* **Instructions to follow**: Copy exactly the lines that run from the one containing "#364=EDGE_CURVE('E237',#363,#90,#361,.F.);" through the end of the entries, both ends included.

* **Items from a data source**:
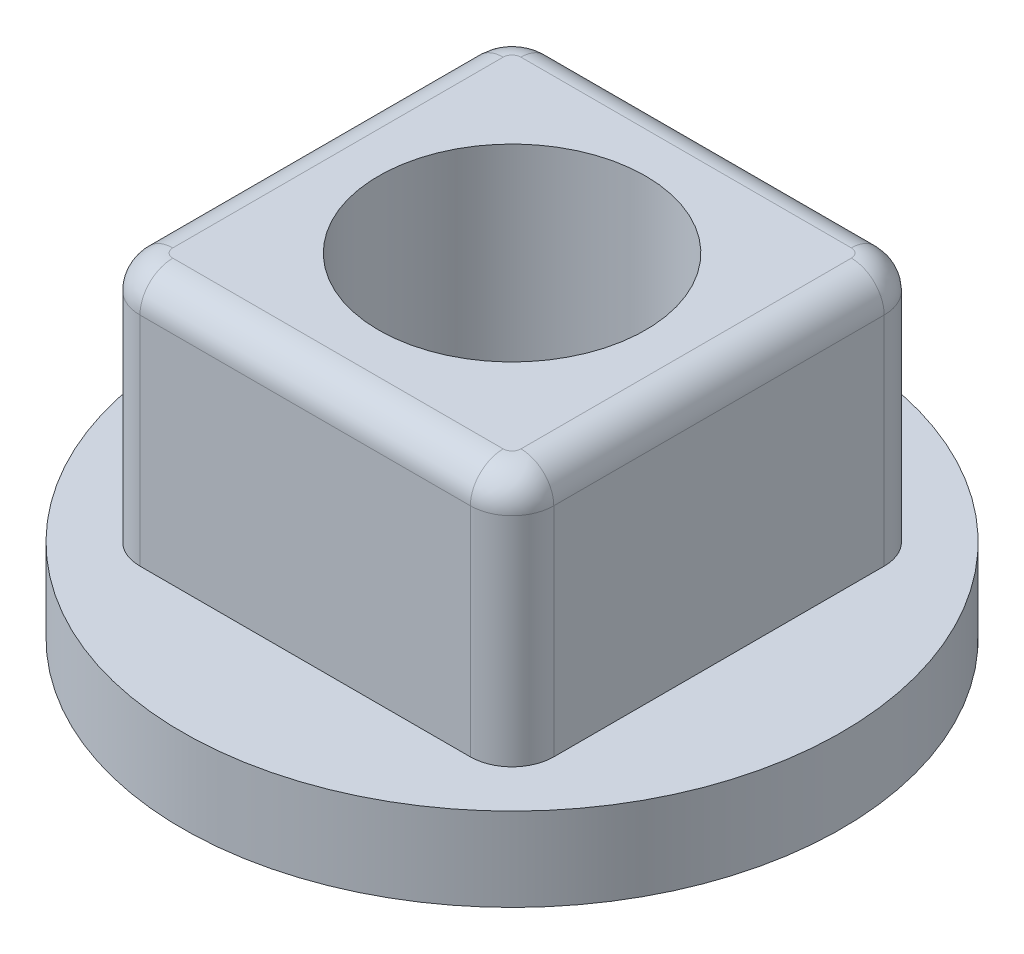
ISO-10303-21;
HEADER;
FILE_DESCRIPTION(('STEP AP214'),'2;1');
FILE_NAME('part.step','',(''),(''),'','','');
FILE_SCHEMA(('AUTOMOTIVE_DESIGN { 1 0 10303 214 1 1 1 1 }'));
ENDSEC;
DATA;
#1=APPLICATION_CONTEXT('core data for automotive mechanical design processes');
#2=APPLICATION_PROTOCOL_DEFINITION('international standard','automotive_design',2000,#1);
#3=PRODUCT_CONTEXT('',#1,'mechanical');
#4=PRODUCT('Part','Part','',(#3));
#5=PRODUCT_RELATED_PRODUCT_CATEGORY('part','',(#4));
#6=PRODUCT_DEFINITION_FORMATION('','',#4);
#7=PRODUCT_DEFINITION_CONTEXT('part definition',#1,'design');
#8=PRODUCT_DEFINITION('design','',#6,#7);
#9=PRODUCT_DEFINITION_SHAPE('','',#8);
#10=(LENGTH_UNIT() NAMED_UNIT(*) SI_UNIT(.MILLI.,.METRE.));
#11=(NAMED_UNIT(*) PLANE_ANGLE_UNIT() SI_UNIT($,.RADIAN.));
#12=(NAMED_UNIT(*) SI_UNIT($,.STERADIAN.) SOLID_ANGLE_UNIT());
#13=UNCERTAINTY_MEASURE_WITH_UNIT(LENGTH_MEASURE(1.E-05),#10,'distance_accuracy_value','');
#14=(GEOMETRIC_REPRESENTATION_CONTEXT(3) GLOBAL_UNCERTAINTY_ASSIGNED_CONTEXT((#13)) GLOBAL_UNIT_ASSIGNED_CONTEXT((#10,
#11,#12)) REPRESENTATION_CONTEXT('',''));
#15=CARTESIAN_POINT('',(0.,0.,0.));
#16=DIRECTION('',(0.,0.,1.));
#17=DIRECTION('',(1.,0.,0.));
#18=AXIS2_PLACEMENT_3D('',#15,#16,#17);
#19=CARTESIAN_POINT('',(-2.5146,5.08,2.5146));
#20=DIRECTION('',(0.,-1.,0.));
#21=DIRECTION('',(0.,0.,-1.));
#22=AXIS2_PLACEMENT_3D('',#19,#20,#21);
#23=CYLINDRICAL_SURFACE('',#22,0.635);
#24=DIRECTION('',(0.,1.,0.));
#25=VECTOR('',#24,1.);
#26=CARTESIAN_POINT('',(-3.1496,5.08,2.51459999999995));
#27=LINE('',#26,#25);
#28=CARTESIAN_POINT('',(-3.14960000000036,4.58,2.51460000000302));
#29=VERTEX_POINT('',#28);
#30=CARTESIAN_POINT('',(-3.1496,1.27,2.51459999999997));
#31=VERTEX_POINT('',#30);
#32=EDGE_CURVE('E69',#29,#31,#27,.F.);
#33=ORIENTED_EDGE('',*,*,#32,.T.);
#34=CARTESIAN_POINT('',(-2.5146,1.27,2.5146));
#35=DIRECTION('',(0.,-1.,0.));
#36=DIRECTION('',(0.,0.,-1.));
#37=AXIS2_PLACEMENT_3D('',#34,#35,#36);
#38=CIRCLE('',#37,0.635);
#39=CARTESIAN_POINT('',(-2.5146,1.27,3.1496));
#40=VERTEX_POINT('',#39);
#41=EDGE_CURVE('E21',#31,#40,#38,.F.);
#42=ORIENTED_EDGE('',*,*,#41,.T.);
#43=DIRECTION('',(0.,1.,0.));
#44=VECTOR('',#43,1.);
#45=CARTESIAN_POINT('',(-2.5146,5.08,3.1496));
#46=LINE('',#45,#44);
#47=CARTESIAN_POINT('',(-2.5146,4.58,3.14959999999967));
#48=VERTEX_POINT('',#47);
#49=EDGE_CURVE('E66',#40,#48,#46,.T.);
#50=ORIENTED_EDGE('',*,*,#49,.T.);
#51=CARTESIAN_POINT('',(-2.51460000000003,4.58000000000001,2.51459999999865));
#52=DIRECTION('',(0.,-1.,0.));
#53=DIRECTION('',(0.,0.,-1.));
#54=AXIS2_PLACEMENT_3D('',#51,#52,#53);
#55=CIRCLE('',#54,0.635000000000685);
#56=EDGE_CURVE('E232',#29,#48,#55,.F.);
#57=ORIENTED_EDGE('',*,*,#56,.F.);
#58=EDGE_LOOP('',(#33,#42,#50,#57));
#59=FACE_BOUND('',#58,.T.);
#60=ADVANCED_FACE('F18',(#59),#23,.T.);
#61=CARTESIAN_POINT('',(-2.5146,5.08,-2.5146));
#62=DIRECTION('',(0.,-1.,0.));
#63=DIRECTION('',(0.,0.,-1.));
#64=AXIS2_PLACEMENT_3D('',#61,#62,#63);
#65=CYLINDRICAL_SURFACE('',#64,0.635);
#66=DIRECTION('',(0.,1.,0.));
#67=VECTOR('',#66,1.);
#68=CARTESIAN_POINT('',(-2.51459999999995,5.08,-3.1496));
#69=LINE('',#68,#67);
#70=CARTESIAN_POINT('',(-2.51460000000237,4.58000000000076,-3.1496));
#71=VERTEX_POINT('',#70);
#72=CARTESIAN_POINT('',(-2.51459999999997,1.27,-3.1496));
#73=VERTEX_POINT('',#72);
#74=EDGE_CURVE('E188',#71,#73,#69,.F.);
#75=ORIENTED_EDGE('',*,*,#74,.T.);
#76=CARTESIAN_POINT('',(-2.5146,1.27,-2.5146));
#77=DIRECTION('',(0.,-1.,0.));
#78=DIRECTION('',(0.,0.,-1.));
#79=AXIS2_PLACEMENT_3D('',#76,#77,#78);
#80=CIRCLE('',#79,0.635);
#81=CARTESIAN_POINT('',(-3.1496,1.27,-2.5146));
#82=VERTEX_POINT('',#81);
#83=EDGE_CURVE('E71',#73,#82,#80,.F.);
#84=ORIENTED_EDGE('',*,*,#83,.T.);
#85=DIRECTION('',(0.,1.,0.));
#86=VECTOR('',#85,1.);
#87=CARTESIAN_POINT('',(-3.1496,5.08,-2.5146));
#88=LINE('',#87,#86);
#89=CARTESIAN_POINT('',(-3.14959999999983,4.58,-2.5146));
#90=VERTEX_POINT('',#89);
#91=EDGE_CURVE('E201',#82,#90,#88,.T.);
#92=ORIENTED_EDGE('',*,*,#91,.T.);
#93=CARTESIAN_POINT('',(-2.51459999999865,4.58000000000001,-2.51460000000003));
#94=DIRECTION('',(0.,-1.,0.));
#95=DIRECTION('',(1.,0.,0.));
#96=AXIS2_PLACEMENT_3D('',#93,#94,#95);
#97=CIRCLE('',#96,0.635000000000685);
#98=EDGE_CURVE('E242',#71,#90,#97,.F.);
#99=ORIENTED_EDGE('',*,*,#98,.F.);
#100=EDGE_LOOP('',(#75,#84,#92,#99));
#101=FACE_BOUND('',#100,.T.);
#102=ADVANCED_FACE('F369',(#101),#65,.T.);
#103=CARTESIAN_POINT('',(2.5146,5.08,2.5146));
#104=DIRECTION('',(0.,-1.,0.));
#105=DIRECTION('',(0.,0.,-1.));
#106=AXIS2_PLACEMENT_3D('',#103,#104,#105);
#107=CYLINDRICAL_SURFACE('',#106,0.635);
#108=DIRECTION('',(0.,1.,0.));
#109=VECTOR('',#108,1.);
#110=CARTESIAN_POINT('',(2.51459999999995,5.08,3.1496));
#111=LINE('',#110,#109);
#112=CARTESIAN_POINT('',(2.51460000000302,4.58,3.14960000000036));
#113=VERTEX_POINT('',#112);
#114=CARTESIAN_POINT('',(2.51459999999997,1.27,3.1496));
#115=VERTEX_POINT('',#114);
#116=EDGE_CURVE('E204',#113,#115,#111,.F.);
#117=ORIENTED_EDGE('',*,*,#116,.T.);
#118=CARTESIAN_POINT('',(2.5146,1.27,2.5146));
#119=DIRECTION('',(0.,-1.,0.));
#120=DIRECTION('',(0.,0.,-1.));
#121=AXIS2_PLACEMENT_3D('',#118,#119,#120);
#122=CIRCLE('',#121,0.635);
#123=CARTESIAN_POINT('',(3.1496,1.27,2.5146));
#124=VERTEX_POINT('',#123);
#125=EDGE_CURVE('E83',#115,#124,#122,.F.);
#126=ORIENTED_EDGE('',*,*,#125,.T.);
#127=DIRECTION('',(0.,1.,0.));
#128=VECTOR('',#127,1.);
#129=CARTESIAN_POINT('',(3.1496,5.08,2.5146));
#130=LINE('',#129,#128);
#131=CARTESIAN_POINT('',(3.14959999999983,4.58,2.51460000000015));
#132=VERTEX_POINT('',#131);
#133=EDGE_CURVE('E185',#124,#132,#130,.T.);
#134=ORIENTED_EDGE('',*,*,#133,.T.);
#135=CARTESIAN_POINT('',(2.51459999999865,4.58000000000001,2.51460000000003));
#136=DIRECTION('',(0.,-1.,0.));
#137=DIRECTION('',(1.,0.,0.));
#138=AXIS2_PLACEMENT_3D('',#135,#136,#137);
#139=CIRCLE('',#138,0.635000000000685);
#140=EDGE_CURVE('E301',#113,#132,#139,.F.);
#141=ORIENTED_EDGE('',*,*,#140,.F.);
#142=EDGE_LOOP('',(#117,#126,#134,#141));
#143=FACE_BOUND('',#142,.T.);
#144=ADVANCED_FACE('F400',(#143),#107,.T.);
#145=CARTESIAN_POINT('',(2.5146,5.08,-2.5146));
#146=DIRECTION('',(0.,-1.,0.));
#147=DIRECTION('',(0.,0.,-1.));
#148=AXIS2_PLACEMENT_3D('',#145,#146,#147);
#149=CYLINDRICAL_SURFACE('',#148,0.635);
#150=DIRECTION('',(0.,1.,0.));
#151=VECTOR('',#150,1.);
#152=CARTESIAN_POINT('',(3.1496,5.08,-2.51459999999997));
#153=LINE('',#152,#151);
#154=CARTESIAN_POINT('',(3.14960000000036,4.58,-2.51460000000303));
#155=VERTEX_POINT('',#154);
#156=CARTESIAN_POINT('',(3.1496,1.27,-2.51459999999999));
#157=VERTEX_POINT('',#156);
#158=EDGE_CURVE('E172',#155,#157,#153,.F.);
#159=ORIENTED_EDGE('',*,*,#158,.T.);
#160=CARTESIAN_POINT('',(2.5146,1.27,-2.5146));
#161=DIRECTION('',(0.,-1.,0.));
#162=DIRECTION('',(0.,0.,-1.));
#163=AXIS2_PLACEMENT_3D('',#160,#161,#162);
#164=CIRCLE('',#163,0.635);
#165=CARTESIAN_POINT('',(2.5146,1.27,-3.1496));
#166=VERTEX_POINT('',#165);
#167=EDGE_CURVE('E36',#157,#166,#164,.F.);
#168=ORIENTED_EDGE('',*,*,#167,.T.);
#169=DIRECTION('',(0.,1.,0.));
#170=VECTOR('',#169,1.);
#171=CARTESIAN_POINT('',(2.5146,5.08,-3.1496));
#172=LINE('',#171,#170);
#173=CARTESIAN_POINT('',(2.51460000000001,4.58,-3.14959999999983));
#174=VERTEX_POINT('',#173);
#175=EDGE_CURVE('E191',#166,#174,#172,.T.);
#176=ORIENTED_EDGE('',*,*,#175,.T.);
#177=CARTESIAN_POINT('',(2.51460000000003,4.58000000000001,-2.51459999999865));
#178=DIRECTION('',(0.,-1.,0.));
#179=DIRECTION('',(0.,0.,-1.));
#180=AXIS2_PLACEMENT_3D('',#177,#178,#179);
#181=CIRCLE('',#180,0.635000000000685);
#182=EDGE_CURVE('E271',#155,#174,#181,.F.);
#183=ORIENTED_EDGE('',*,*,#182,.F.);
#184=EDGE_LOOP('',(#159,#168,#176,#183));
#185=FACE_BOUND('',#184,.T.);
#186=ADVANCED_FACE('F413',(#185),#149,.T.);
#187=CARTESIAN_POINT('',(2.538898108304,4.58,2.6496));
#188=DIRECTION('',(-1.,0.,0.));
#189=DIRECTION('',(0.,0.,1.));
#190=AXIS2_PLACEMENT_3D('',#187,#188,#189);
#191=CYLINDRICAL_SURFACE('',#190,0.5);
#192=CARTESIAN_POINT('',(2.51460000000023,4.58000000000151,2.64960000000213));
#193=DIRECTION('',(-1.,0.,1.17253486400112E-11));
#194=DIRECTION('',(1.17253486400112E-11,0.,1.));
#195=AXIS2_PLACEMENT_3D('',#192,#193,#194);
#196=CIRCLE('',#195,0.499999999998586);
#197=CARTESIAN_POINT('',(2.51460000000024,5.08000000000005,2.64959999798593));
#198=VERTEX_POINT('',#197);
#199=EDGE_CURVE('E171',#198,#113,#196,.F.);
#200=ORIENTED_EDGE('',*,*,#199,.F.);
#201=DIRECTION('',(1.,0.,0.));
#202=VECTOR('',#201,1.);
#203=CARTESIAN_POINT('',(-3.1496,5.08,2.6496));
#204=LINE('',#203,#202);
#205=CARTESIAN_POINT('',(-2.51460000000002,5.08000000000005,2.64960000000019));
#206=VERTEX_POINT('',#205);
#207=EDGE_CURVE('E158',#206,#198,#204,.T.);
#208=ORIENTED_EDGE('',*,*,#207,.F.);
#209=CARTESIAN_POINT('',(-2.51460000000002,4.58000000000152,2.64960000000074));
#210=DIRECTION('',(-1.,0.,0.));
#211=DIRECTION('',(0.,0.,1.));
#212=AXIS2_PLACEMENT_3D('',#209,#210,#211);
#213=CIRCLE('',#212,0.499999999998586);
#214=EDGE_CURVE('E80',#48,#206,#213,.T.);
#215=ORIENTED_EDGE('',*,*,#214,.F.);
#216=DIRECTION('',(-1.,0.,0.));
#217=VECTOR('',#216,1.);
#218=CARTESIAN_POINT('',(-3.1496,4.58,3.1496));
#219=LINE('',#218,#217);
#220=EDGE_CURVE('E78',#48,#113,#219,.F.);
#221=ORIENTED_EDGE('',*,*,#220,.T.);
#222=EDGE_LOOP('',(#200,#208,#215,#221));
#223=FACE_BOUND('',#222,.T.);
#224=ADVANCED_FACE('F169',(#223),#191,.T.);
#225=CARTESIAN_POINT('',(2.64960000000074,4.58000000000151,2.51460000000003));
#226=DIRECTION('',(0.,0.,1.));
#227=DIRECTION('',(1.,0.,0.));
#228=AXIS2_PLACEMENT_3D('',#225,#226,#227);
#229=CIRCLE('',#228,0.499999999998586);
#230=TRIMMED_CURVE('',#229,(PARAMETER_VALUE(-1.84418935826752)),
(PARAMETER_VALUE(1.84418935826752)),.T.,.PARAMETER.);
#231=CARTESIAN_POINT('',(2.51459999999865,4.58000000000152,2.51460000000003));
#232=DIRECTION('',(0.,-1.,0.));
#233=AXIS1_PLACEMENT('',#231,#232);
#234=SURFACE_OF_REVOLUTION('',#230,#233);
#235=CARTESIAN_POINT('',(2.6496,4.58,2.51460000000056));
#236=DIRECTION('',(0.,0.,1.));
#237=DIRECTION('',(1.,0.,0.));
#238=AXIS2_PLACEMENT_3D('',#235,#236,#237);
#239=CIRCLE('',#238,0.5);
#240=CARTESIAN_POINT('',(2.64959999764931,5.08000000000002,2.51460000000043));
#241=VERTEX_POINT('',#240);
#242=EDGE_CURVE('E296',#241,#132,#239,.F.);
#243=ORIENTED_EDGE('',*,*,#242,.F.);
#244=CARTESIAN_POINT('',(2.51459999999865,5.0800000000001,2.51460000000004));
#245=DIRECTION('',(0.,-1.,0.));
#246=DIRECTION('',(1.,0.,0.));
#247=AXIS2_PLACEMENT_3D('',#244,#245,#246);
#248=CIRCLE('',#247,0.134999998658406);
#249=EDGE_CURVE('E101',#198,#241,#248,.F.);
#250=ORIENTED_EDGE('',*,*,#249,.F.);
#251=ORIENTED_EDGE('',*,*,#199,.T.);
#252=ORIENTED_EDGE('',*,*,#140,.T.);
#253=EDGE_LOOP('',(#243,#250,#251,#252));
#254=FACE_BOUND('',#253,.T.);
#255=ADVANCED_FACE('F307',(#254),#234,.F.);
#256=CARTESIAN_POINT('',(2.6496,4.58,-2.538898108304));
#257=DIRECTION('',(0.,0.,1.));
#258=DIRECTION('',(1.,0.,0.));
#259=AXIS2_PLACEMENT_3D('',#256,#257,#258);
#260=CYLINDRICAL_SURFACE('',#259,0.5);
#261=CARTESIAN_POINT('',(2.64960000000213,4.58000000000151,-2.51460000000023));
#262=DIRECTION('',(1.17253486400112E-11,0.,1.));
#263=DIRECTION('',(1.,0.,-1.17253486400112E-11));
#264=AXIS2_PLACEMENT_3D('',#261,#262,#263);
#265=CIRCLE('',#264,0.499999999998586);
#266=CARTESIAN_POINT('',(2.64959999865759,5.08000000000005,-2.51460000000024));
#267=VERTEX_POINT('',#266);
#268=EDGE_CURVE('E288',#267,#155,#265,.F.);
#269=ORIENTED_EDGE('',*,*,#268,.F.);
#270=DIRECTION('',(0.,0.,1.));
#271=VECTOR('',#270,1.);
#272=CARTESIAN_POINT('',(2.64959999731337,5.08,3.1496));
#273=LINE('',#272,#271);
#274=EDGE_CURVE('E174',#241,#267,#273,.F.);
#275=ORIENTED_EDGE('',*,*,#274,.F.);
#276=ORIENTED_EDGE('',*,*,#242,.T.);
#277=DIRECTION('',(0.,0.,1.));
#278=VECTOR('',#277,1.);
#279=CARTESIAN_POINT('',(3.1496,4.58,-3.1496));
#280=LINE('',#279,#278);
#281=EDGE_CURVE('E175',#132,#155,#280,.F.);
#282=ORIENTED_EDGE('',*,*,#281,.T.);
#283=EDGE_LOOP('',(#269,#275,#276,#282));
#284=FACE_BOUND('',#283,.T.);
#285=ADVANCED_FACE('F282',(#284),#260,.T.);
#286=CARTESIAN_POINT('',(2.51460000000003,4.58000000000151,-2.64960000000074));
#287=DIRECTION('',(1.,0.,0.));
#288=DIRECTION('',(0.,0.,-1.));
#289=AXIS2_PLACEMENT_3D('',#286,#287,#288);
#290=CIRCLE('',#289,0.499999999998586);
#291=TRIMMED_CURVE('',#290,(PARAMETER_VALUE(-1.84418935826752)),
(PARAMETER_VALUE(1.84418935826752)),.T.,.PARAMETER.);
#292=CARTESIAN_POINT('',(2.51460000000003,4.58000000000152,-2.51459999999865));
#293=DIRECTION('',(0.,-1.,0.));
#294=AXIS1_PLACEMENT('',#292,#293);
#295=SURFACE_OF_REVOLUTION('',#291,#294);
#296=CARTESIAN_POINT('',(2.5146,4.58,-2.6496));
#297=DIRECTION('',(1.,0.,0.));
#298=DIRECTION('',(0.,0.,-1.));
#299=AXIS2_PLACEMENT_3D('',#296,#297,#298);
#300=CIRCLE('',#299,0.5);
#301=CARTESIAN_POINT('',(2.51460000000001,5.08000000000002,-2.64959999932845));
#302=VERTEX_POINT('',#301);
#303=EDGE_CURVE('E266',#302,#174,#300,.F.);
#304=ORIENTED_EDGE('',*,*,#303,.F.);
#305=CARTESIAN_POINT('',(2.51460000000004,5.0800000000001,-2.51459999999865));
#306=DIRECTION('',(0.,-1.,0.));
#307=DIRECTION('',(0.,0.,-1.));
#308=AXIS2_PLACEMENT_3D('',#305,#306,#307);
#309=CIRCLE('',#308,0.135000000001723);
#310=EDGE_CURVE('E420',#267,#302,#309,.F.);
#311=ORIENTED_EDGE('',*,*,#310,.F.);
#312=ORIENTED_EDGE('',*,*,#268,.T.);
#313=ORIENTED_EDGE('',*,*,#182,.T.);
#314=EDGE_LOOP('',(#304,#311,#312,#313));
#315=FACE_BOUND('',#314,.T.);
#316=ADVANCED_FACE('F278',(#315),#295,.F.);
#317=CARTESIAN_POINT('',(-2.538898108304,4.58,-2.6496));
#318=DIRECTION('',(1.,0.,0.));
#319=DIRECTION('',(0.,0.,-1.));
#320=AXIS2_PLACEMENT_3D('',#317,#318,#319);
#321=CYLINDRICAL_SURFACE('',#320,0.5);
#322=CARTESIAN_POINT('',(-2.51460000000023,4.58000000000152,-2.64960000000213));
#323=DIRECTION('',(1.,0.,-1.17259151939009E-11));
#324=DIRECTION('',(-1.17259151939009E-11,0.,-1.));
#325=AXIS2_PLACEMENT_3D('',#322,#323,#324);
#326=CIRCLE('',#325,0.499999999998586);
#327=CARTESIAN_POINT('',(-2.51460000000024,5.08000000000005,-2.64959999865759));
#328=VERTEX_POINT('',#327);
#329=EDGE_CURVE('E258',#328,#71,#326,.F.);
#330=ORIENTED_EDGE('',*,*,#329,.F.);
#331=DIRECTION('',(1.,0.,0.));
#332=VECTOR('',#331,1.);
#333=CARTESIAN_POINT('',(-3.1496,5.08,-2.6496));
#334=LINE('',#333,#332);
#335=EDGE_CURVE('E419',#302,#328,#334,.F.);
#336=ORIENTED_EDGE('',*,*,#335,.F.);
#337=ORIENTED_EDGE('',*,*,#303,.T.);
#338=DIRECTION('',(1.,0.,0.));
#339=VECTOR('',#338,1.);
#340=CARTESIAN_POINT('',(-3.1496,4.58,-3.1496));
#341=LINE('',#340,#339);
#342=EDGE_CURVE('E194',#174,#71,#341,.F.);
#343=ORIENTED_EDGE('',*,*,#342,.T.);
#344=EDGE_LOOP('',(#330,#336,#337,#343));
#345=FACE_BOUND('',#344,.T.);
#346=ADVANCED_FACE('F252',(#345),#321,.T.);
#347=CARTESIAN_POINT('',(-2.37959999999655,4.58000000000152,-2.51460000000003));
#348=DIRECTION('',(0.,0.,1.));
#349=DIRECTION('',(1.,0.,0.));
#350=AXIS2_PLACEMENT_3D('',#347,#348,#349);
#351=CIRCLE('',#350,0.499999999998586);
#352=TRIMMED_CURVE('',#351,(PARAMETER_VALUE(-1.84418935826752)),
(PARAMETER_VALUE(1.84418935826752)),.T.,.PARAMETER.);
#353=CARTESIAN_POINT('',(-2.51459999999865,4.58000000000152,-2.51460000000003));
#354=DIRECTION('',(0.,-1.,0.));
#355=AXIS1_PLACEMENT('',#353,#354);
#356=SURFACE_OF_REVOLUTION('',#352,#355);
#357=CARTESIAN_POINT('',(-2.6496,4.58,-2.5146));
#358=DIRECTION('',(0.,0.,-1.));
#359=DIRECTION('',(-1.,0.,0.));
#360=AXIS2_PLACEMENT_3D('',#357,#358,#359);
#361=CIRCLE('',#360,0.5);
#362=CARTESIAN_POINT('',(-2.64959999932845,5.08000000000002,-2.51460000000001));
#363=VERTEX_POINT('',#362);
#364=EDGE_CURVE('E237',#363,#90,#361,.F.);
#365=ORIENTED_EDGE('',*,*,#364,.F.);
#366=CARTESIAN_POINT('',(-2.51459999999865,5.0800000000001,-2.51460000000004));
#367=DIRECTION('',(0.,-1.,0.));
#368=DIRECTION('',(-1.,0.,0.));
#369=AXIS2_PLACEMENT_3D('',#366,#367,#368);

* **Result of the task**:
#364=EDGE_CURVE('E237',#363,#90,#361,.F.);
#365=ORIENTED_EDGE('',*,*,#364,.F.);
#366=CARTESIAN_POINT('',(-2.51459999999865,5.0800000000001,-2.51460000000004));
#367=DIRECTION('',(0.,-1.,0.));
#368=DIRECTION('',(-1.,0.,0.));
#369=AXIS2_PLACEMENT_3D('',#366,#367,#368);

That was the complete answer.